Co-Sleeping is an often debated parenting choice that many make people make. I feel like the choice was made for me. Lawson was born premature via emergency c-section and in the NICU for a couple of weeks. I was knocked out during the surgery and required a couple of blood transfusions due to a bad case of HELLP syndrome. There isn't much I remember from the first day or so of his life. I have a vague memory of seeing him for the first time, but there was not an immediate bonding. I loved him like crazy, but I didn't know this little person. I didn't see his first breath or hear his first cry. I was not there to comfort him in his first moments in this world. It was a hard recovery for me and a rough start for Lawson, being just 4lb11oz (he had IUGR due to the HELLP). I was exhausted and had nurses telling me how to hold him, when to hold him, when to put him down, when he should eat, how to bath him, even when to change his diaper. I was his mother, but I felt I hardly knew him. Leaving him there at night after I'd been discharged from the hospital was all kinds of terrible and I bawled the whole way home every night. After getting up to pump a few times during the night, I then woke up at 4:30am to get back to him for his 6am feeding. The thought of him needing me and me not being there tore me apart! The last night before he was discharged, we stayed the night in the hospital with him and I could not put him in his bassinet. All I wanted to do was hold him and love him and let him know that I'd always be there for him. You know, the things that most moms get to do straight away after having their baby. I remember the nurse coming in at night and asking if I was going to put him in his bed, with a tone in her voice like she couldn't believe I'd fall asleep in my bed while holding my baby and didn't I know that I could hurt him or kill him by doing that?! That was my first time cosleeping and I didn't even realize it.
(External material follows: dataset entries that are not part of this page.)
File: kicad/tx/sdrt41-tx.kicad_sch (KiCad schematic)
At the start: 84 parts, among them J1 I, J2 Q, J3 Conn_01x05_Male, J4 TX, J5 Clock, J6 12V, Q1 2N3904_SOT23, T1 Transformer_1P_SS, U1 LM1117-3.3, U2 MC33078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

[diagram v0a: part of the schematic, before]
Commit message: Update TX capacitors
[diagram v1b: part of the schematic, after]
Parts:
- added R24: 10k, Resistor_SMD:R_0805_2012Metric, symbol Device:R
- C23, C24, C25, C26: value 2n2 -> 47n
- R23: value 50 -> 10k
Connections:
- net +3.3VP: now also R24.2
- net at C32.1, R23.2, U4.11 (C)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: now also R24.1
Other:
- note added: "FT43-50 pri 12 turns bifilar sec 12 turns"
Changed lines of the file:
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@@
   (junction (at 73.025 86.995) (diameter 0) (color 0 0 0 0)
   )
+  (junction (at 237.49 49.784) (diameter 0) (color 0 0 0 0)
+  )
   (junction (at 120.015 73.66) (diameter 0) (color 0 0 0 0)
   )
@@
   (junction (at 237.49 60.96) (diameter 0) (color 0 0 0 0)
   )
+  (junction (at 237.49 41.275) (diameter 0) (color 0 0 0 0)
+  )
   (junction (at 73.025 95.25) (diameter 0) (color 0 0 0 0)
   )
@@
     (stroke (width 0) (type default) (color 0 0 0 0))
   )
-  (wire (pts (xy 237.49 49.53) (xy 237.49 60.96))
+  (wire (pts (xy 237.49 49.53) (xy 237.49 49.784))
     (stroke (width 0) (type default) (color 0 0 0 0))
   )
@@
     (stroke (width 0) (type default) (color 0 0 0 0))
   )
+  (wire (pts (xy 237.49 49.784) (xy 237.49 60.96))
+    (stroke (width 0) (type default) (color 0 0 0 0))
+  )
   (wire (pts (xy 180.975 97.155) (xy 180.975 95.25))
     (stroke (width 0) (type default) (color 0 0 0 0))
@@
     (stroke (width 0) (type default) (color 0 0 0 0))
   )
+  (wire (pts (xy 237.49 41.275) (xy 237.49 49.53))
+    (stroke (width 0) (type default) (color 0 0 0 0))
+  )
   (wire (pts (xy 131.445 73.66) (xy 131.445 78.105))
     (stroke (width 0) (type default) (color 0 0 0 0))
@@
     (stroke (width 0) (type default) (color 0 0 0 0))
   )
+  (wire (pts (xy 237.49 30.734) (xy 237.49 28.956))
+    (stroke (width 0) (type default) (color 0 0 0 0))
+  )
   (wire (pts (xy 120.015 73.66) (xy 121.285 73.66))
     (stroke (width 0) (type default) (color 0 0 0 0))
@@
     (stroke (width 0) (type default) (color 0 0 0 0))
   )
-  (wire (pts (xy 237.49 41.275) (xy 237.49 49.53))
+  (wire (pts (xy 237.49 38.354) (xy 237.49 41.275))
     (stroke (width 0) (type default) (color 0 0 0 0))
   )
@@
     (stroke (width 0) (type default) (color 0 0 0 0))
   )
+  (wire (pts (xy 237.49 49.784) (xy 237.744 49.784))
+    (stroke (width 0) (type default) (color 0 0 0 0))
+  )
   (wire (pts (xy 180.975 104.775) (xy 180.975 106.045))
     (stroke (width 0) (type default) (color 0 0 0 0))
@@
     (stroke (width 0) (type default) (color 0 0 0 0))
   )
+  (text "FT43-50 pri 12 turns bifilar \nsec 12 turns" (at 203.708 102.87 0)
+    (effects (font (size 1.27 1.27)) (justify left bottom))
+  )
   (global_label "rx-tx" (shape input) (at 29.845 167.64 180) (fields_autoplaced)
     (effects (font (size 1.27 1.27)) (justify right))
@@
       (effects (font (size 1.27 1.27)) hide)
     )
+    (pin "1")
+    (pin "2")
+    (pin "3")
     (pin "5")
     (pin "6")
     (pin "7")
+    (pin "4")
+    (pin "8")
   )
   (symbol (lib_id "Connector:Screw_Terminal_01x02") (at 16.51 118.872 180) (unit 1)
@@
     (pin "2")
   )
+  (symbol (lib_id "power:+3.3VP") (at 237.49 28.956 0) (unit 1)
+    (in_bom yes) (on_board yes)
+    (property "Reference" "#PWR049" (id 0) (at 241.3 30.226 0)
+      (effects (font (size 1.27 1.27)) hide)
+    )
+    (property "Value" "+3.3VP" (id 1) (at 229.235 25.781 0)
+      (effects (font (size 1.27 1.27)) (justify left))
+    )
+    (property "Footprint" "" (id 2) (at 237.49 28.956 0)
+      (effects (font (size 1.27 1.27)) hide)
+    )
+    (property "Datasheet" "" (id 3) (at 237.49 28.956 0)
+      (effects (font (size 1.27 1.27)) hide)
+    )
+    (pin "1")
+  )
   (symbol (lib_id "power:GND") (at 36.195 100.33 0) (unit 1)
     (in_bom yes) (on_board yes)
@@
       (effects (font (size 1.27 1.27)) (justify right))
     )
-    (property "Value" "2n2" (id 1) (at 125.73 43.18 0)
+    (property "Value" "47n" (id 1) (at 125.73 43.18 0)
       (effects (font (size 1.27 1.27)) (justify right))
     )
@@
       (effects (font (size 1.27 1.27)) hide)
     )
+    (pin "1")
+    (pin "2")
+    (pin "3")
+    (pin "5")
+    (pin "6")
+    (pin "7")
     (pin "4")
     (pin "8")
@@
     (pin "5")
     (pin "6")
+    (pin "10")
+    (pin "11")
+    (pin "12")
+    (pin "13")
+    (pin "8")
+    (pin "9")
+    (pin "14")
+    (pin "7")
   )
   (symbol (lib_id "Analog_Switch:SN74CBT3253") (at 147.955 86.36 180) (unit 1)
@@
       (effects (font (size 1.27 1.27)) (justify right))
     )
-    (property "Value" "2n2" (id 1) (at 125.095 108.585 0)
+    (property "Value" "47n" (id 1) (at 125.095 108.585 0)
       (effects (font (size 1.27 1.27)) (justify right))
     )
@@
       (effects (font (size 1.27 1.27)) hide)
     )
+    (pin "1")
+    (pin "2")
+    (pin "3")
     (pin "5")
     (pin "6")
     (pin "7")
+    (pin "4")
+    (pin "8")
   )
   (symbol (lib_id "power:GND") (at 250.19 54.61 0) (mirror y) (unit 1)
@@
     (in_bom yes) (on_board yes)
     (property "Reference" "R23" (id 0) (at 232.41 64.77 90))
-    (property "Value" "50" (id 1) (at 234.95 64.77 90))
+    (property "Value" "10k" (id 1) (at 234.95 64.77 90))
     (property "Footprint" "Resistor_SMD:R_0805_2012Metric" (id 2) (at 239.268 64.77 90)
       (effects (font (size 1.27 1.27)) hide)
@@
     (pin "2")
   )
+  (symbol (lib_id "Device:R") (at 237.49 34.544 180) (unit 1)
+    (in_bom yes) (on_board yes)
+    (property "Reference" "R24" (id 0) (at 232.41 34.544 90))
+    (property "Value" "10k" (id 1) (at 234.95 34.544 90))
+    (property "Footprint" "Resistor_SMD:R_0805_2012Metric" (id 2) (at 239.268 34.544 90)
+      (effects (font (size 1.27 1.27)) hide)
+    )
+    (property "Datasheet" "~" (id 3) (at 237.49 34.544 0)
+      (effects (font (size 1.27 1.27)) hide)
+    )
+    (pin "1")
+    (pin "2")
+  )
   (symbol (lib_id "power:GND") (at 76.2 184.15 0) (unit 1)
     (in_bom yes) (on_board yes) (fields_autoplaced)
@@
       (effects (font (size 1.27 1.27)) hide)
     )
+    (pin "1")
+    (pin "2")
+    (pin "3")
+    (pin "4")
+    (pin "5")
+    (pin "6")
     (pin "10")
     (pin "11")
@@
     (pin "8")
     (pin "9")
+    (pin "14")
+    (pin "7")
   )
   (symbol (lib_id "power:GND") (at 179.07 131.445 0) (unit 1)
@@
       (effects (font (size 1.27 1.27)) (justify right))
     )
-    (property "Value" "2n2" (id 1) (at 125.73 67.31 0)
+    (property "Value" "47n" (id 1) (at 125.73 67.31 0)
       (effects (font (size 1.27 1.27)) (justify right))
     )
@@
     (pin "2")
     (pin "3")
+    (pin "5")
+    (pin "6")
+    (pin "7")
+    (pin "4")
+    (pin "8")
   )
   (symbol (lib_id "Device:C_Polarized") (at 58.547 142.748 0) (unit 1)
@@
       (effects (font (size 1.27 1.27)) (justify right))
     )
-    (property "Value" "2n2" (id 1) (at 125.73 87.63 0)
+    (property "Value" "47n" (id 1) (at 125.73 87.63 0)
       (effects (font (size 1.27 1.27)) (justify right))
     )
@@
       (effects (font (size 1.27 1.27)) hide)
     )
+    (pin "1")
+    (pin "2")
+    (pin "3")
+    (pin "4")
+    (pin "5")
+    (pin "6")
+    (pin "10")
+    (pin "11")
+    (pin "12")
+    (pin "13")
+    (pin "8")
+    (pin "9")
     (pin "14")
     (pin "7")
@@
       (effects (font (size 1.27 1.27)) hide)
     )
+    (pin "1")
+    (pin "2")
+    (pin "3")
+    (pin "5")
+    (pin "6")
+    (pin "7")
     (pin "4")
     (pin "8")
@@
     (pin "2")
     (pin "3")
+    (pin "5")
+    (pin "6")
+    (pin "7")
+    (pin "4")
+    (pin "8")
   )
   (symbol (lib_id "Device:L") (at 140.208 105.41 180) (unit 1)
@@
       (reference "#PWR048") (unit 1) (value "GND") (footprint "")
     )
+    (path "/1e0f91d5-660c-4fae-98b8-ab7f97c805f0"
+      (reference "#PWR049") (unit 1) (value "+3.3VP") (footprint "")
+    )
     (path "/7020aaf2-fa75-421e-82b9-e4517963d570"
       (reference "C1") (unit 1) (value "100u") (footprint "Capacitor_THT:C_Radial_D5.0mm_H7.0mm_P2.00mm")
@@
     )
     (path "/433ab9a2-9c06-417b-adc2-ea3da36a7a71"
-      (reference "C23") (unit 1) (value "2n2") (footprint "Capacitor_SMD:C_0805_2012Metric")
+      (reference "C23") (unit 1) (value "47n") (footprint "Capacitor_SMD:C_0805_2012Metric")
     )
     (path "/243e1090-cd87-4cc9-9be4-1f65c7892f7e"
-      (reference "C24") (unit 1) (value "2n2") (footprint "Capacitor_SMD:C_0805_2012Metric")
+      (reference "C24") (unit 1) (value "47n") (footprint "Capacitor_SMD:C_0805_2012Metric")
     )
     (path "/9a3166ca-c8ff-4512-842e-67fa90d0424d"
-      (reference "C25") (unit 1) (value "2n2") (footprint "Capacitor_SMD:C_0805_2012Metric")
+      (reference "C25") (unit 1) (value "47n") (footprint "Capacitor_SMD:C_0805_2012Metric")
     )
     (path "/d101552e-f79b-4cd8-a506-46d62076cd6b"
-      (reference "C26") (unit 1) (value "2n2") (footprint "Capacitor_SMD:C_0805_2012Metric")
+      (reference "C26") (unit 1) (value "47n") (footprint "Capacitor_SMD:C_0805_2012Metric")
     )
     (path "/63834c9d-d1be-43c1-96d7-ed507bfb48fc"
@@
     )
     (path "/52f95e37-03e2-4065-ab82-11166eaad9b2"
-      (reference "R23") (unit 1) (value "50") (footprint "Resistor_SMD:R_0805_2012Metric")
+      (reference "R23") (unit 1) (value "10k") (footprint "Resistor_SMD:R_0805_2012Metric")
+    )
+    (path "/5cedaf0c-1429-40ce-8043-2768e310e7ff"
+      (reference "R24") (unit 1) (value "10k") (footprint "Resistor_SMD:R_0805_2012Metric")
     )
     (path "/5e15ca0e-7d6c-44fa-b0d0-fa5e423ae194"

I brought him home, put the bassinet by the bed and each night and I'd set him in it for all of about 5 minutes as we tossed and turned, then he'd be back in my arms and we would fall fast asleep. We both slept better when we could feel each other breathe. Breastfeeding was so easy. He could nurse all night long if he wanted to and I could sleep, knowing that he was okay. The choice had been made for us. We didn't sleep well if we weren't snuggled up together. Co-sleeping was our answer! Lawson continued to sleep with me for a few months after he self-weaned at 18 months. During that time, I started scooting him further and further from me as we slept. We'd begun to wake each other up when we moved at night and I suspected our sleep would improve if we weren't so close to one another. Eventually, he went in his crib right next to the bed for the first half of the night and usually ended the night back in bed with me. By the time Naomi arrived, he was snug in his own bed all night, but still in our room. So, for the last seven months, we've had Naomi in the bed with me and Lawson in his bed just a few feet away. One, big happy family! Kind of. Dustin snores and it would wake Lawson up. Naomi is a baby and sometimes wakes up crying, which wakes him up. Lawson gets ticked if he gets too hot or can't find his bottle up and wants to be sure I know about it. All of those things wake me up. I can only remember a night or two since Naomi has been born that I haven't been woken up several times. I am tired.



Well, finally, we are back home with two rooms available to us at the same time (got to love house renovations) and Lawson has been sleeping in his own room very happily for over a week now. I didn't think too much about it until I woke up in the middle of the night a few nights ago to find Naomi trying to stand up with the bed rail and visions of her sweet little head on the wood floor floated through my mind. Lawson had never done that. The next night I woke up at 4am to find her crawling and rolling around between Dustin and I smiling and laughing and having a grand time! Again, visions of her thunking on the floor. Time for Naomi to move down to her Lalapanzi bed on the floor. Both kids in their own bed/room within a week of each other?? Last night, she spent the first half of the night in her own bed. I had to settle her a few times because she is used to feeling me when she rolls over and I wasn't there, but she slept surprisingly well on her own straight away. I did not. This is where the no-sleeping of co-sleeping comes in.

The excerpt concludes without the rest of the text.